Noch an Heiligabend waren die Einsatzkräfte vor allem in den Norden der Hansestadt ausgerückt, um in Stadtteilen wie Duvenstedt, Ohlstedt und Lemsahl-Mellingstedt Häuser und Grundstücke gegen die Alsterfluten zu schützen. Nach Angaben der Feuerwehr wurden mehr als 3000 Sandsäcke verbaut, rund 140 Helfer waren im Einsatz.

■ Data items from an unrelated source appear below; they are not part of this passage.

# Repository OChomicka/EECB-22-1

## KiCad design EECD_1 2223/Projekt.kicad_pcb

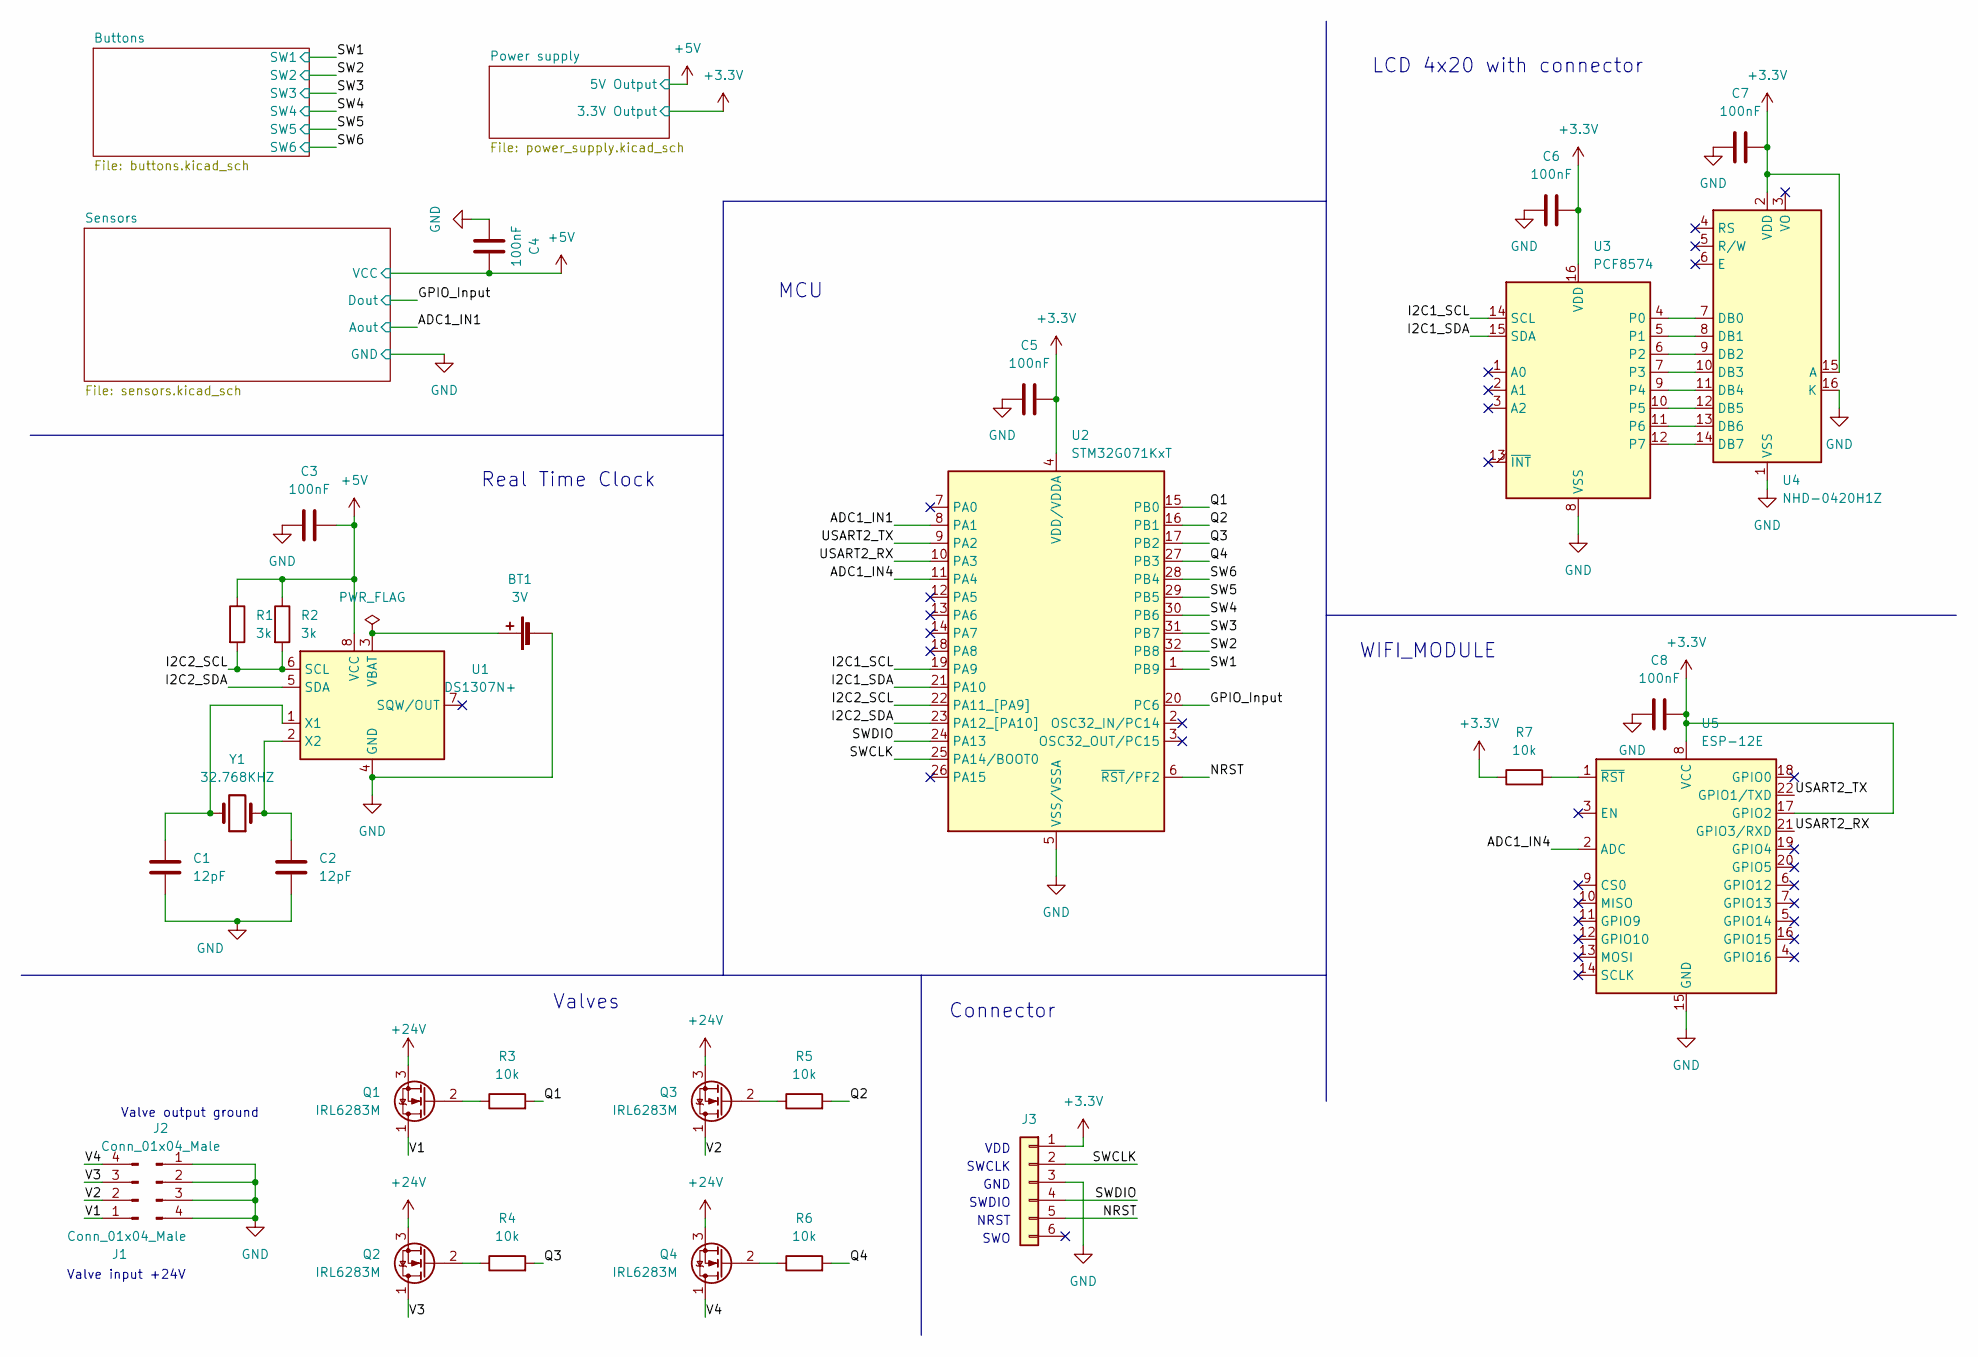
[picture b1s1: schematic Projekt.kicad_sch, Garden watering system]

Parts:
BT1: 3V; BatteryHolder_Keystone_500
C1, C2: 12pF; C_0603_1608Metric
C3, C4, C5, C6, C7, C8: 100nF; C_0603_1608Metric
J1, J2: Conn_01x04_Male; TerminalBlock_Phoenix_PT-1,5-4-3.5-H_1x04_P3.50mm_Horizontal
J3: Conn_01x06; PinHeader_1x06_P1.00mm_Vertical_SMD_Pin1Right
Q1, Q2, Q3, Q4: IRL6283M; DirectFET_MD
R1, R2: 3k; R_0603_1608Metric
R3, R4, R5, R6, R7: 10k; R_0603_1608Metric
U1: DS1307N+; SO-8_3.9x4.9mm_P1.27mm
U2: STM32G071KxT; LQFP-32_7x7mm_P0.8mm
U3: PCF8574; SO-16_3.9x9.9mm_P1.27mm
U4: NHD-0420H1Z
U5: ESP-12E
Y1: 32.768KHZ; Crystal_SMD_FOX_FQ7050-2Pin_7.0x5.0mm

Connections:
+3.3V: C5.1, C6.1, C7.1, C8.1, J3.1, R7.1, U2.4 (VDD/VDDA), U3.16 (VDD), U4.2 (VDD), U4.15 (A), U5.8 (VCC), U5.17 (GPIO2); also elsewhere on the board
+5V: C3.1, C4.1, R1.1, R2.1, U1.8 (VCC); also elsewhere on the board
+24V: Q1.3 (S), Q2.3 (S), Q3.3 (S), Q4.3 (S); also elsewhere on the board
/ADC1_IN1: U2.8 (PA1); also elsewhere on the board
/ADC1_IN4: U2.11 (PA4), U5.2 (ADC)
/GPIO_Input: U2.20 (PC6); also elsewhere on the board
/I2C1_SCL: U2.19 (PA9), U3.14 (SCL)
/I2C1_SDA: U2.21 (PA10), U3.15 (SDA)
/I2C2_SCL: R1.2, R2.2, U1.6 (SCL), U2.22 (PA11_[PA9])
/I2C2_SDA: U1.5 (SDA), U2.23 (PA12_[PA10])
/NRST: J3.5, U2.6 (~RST/PF2)
/Q1: R3.2, U2.15 (PB0)
/Q2: R5.2, U2.16 (PB1)
/Q3: R4.2, U2.17 (PB2)
/Q4: R6.2, U2.27 (PB3)
/SW1: U2.1 (PB9); also elsewhere on the board
/SW2: U2.32 (PB8); also elsewhere on the board
/SW3: U2.31 (PB7); also elsewhere on the board
/SW4: U2.30 (PB6); also elsewhere on the board
/SW5: U2.29 (PB5); also elsewhere on the board
/SW6: U2.28 (PB4); also elsewhere on the board
/SWCLK: J3.2, U2.25 (PA14/BOOT0)
/SWDIO: J3.4, U2.24 (PA13)
/USART2_RX: U2.10 (PA3), U5.21 (GPIO3/RXD)
/USART2_TX: U2.9 (PA2), U5.22 (GPIO1/TXD)
/V1: J1.1, Q1.1 (D)
/V2: J1.2, Q3.1 (D)
/V3: J1.3, Q2.1 (D)
/V4: J1.4, Q4.1 (D)
GND: BT1.2 (-), C1.2, C2.2, C3.2, C4.2, C5.2, C6.2, C7.2, C8.2, J2.1, J2.2, J2.3, J2.4, J3.3, U1.4 (GND), U2.5 (VSS/VSSA), U3.8 (VSS), U4.1 (VSS), U4.16 (K), U5.15 (GND); also elsewhere on the board
unnamed: BT1.1 (+), U1.3 (VBAT)
unnamed: C1.1, U1.1 (X1), Y1.2
unnamed: C2.1, U1.2 (X2), Y1.1
unnamed: Q1.2 (G), R3.1
unnamed: Q2.2 (G), R4.1
unnamed: Q3.2 (G), R5.1
unnamed: Q4.2 (G), R6.1
unnamed: R7.2, U5.1 (~RST)
unnamed: U3.4 (P0), U4.7 (DB0)
unnamed: U3.5 (P1), U4.8 (DB1)
unnamed: U3.6 (P2), U4.9 (DB2)
unnamed: U3.7 (P3), U4.10 (DB3)
unnamed: U3.9 (P4), U4.11 (DB4)
unnamed: U3.10 (P5), U4.12 (DB5)
unnamed: U3.11 (P6), U4.13 (DB6)
unnamed: U3.12 (P7), U4.14 (DB7)

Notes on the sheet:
Valves
VDD
SWDIO
Valve input +24V
Connector
NRST
SWCLK
MCU
Valve output ground
Real Time Clock
LCD 4x20 with connector
GND
WIFI_MODULE
SWO

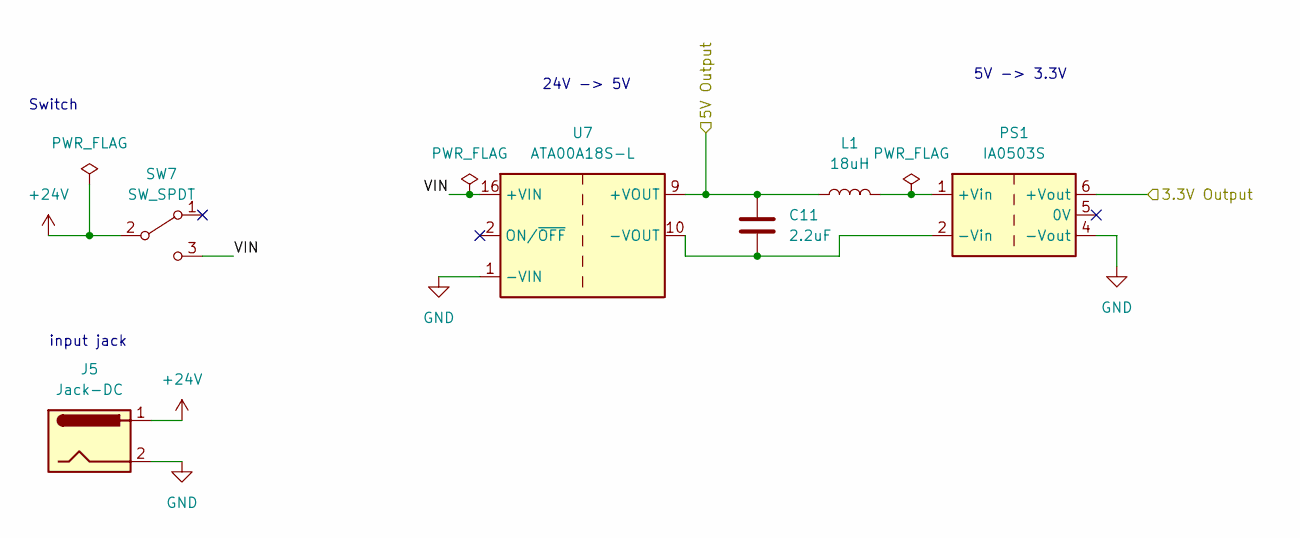
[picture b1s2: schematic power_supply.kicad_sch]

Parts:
C11: 2.2uF; C_0402_1005Metric
J5: Jack-DC; BarrelJack_CUI_PJ-063AH_Horizontal_CircularHoles
L1: 18uH; L_0603_1608Metric
PS1: IA0503S; Converter_DCDC_XP_POWER-IAxxxxS_THT
SW7: SW_SPDT; SW_Slide_1P2T_CK_OS102011MS2Q
U7: ATA00A18S-L; Converter_DCDC_Artesyn_ATA_SMD

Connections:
+3.3V: PS1.6 (+Vout); also elsewhere on the board
+5V: C11.1, L1.1, U7.9 (+VOUT); also elsewhere on the board
+24V: J5.1, SW7.2 (B); also elsewhere on the board
/Power supply/VIN: SW7.3 (C), U7.16 (+VIN)
GND: J5.2, PS1.4 (-Vout), U7.1 (-VIN); also elsewhere on the board
unnamed: C11.2, PS1.2 (-Vin), U7.10 (-VOUT)
unnamed: L1.2, PS1.1 (+Vin)

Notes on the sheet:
5V -> 3.3V
input jack
Switch
24V -> 5V

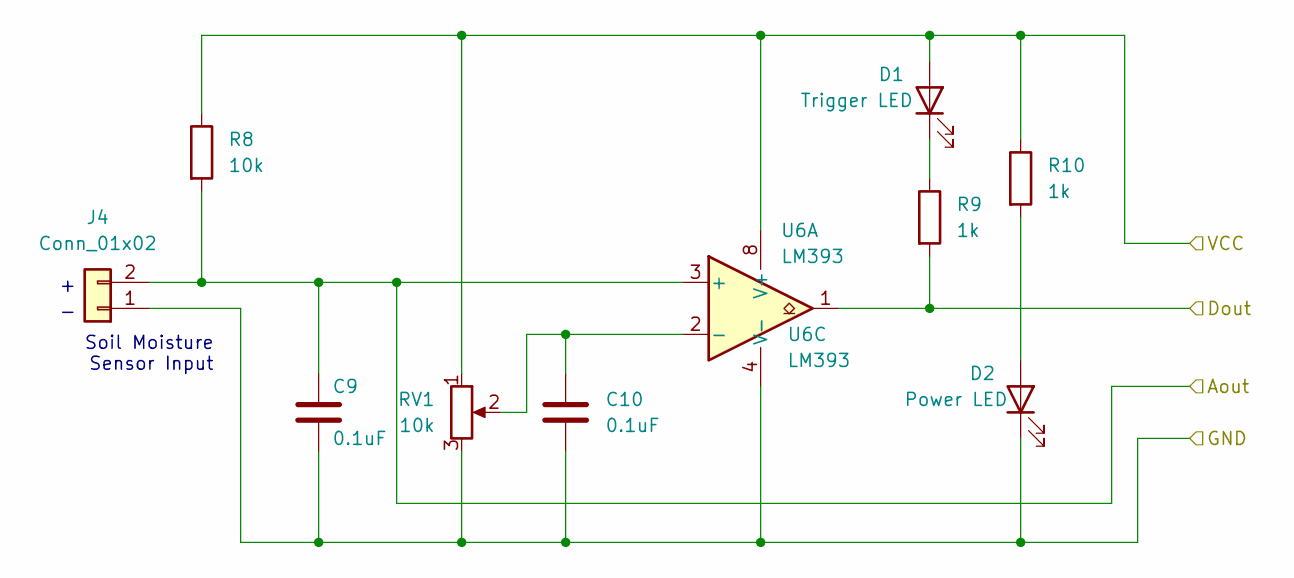
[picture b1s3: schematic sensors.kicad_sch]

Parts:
C9, C10: 0.1uF; C_0603_1608Metric
D1: Trigger LED; LED_0603_1608Metric
D2: Power LED; LED_0603_1608Metric
J4: Conn_01x02; SolderWire-0.1sqmm_1x02_P3.6mm_D0.4mm_OD1mm
R8: 10k; R_0603_1608Metric
R9, R10: 1k; R_0603_1608Metric
RV1: 10k; Potentiometer_ACP_CA6-VSMD_Vertical
U6: LM393; SOT-23-8

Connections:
+5V: D1.2 (A), R8.1, R10.1, RV1.1, U6.8 (V+); also elsewhere on the board
/ADC1_IN1: C9.1, J4.2, R8.2, U6.3 (+); also elsewhere on the board
/GPIO_Input: R9.2, U6.1; also elsewhere on the board
GND: C9.2, C10.2, D2.1 (K), J4.1, RV1.3, U6.4 (V-); also elsewhere on the board
unnamed: C10.1, RV1.2, U6.2 (-)
unnamed: D1.1 (K), R9.1
unnamed: D2.2 (A), R10.2

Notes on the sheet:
Soil Moisture Sensor Input

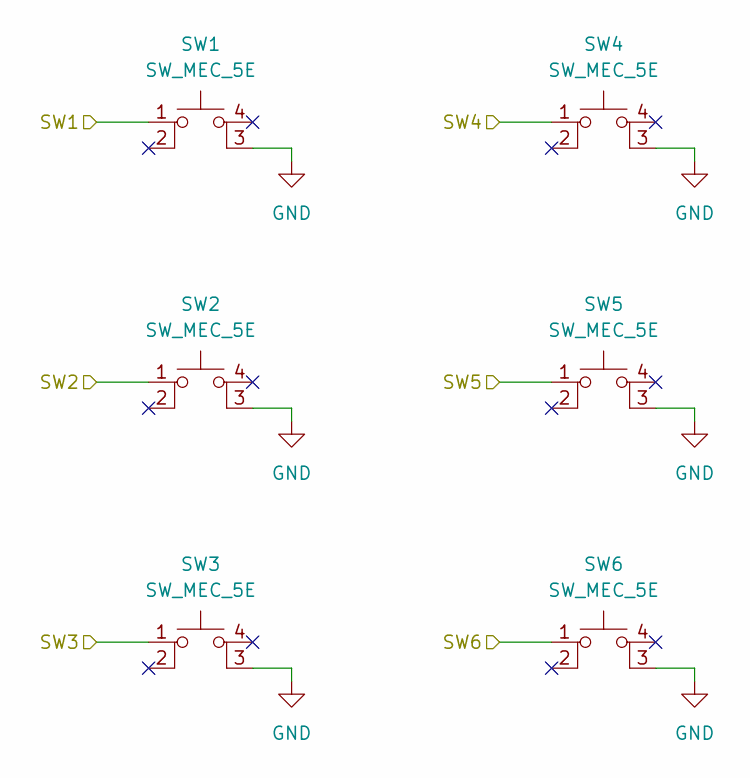
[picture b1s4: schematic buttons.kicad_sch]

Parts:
SW1, SW2, SW3, SW4, SW5, SW6: SW_MEC_5E; SW_MEC_5GSH9

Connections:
/SW1: SW1.1; also elsewhere on the board
/SW2: SW2.1; also elsewhere on the board
/SW3: SW3.1; also elsewhere on the board
/SW4: SW4.1; also elsewhere on the board
/SW5: SW5.1; also elsewhere on the board
/SW6: SW6.1; also elsewhere on the board
GND: SW1.3 (K), SW2.3 (K), SW3.3 (K), SW4.3 (K), SW5.3 (K), SW6.3 (K); also elsewhere on the board

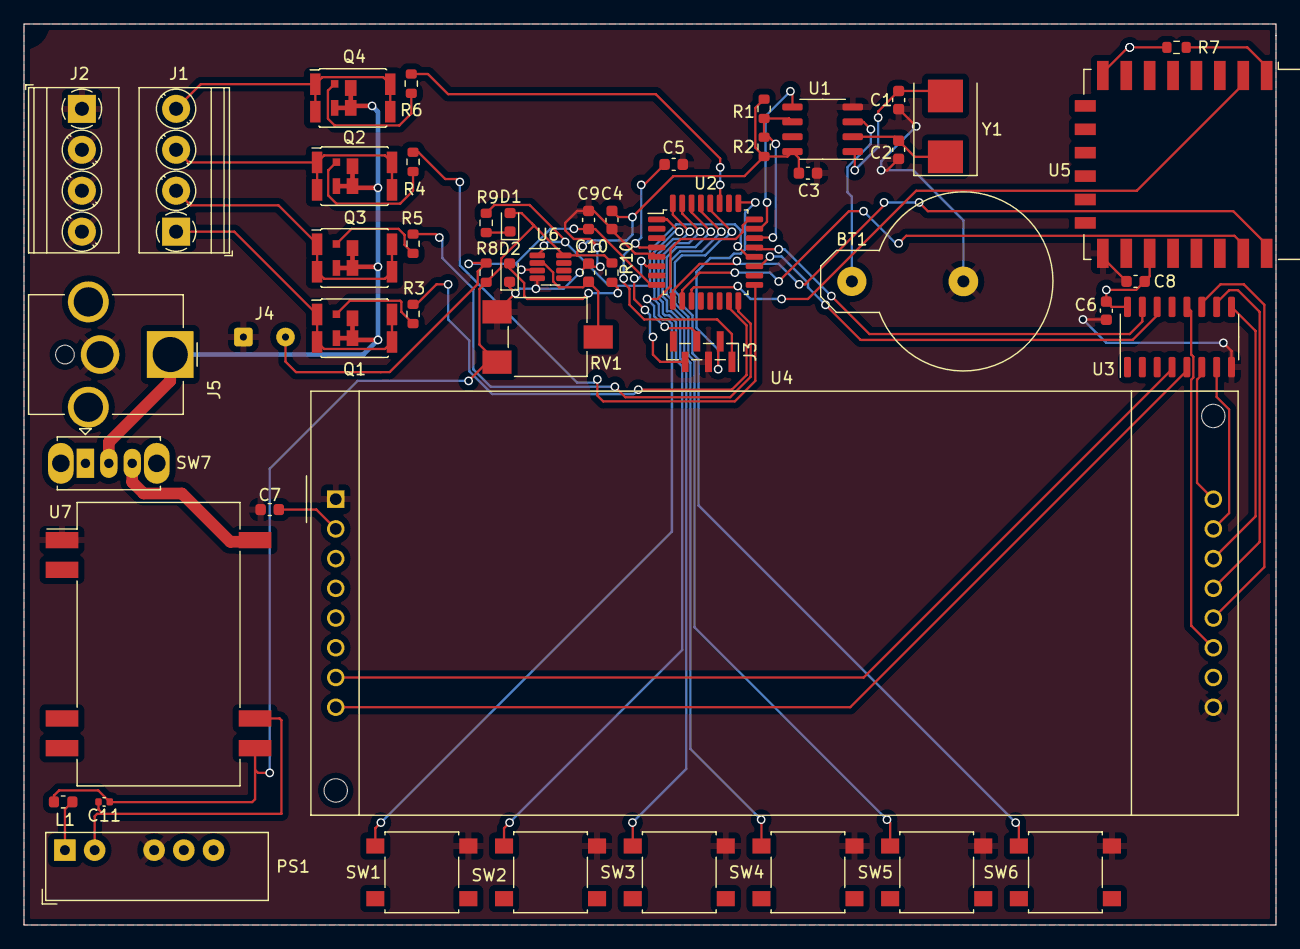
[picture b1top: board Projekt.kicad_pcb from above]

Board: 2 copper layers, 107.0 x 77.0 mm, 51 parts (0 on the bottom side), 52 nets.

Nach dem Dauerregen hatten viele Flüsse in Hamburg und Schleswig-Holstein extrem hohe Pegelstände erreicht. Etliche Felder und Wiesen glichen Seenlandschaften. Die Treene bei Treia musste am Mittwoch nach Angaben des Kieler Umweltministeriums einen Abfluss von knapp 60 Kubikmeter pro Sekunde verkraften, der mittlere Abfluss liegt bei etwa 6 Kubikmeter pro Sekunde. Die Pegel am Oberlauf von Krückau, Pinnau und Stör hätten die höchsten je gemessenen Wasserstände. Die Tiefdruckgebiete „Freia I bis IV“ hatten dem Norden in den Tagen bis Heiligabend deutlich mehr Regen beschert, als es dem Monatsmittel entspreche. Mit gut 140 Litern Regen pro Quadratmeter sei aus Wittenborn bei Bad Segeberg der höchste Niederschlagswert gemeldet worden, berichtete der Deutsche Wetterdienst in Offenbach.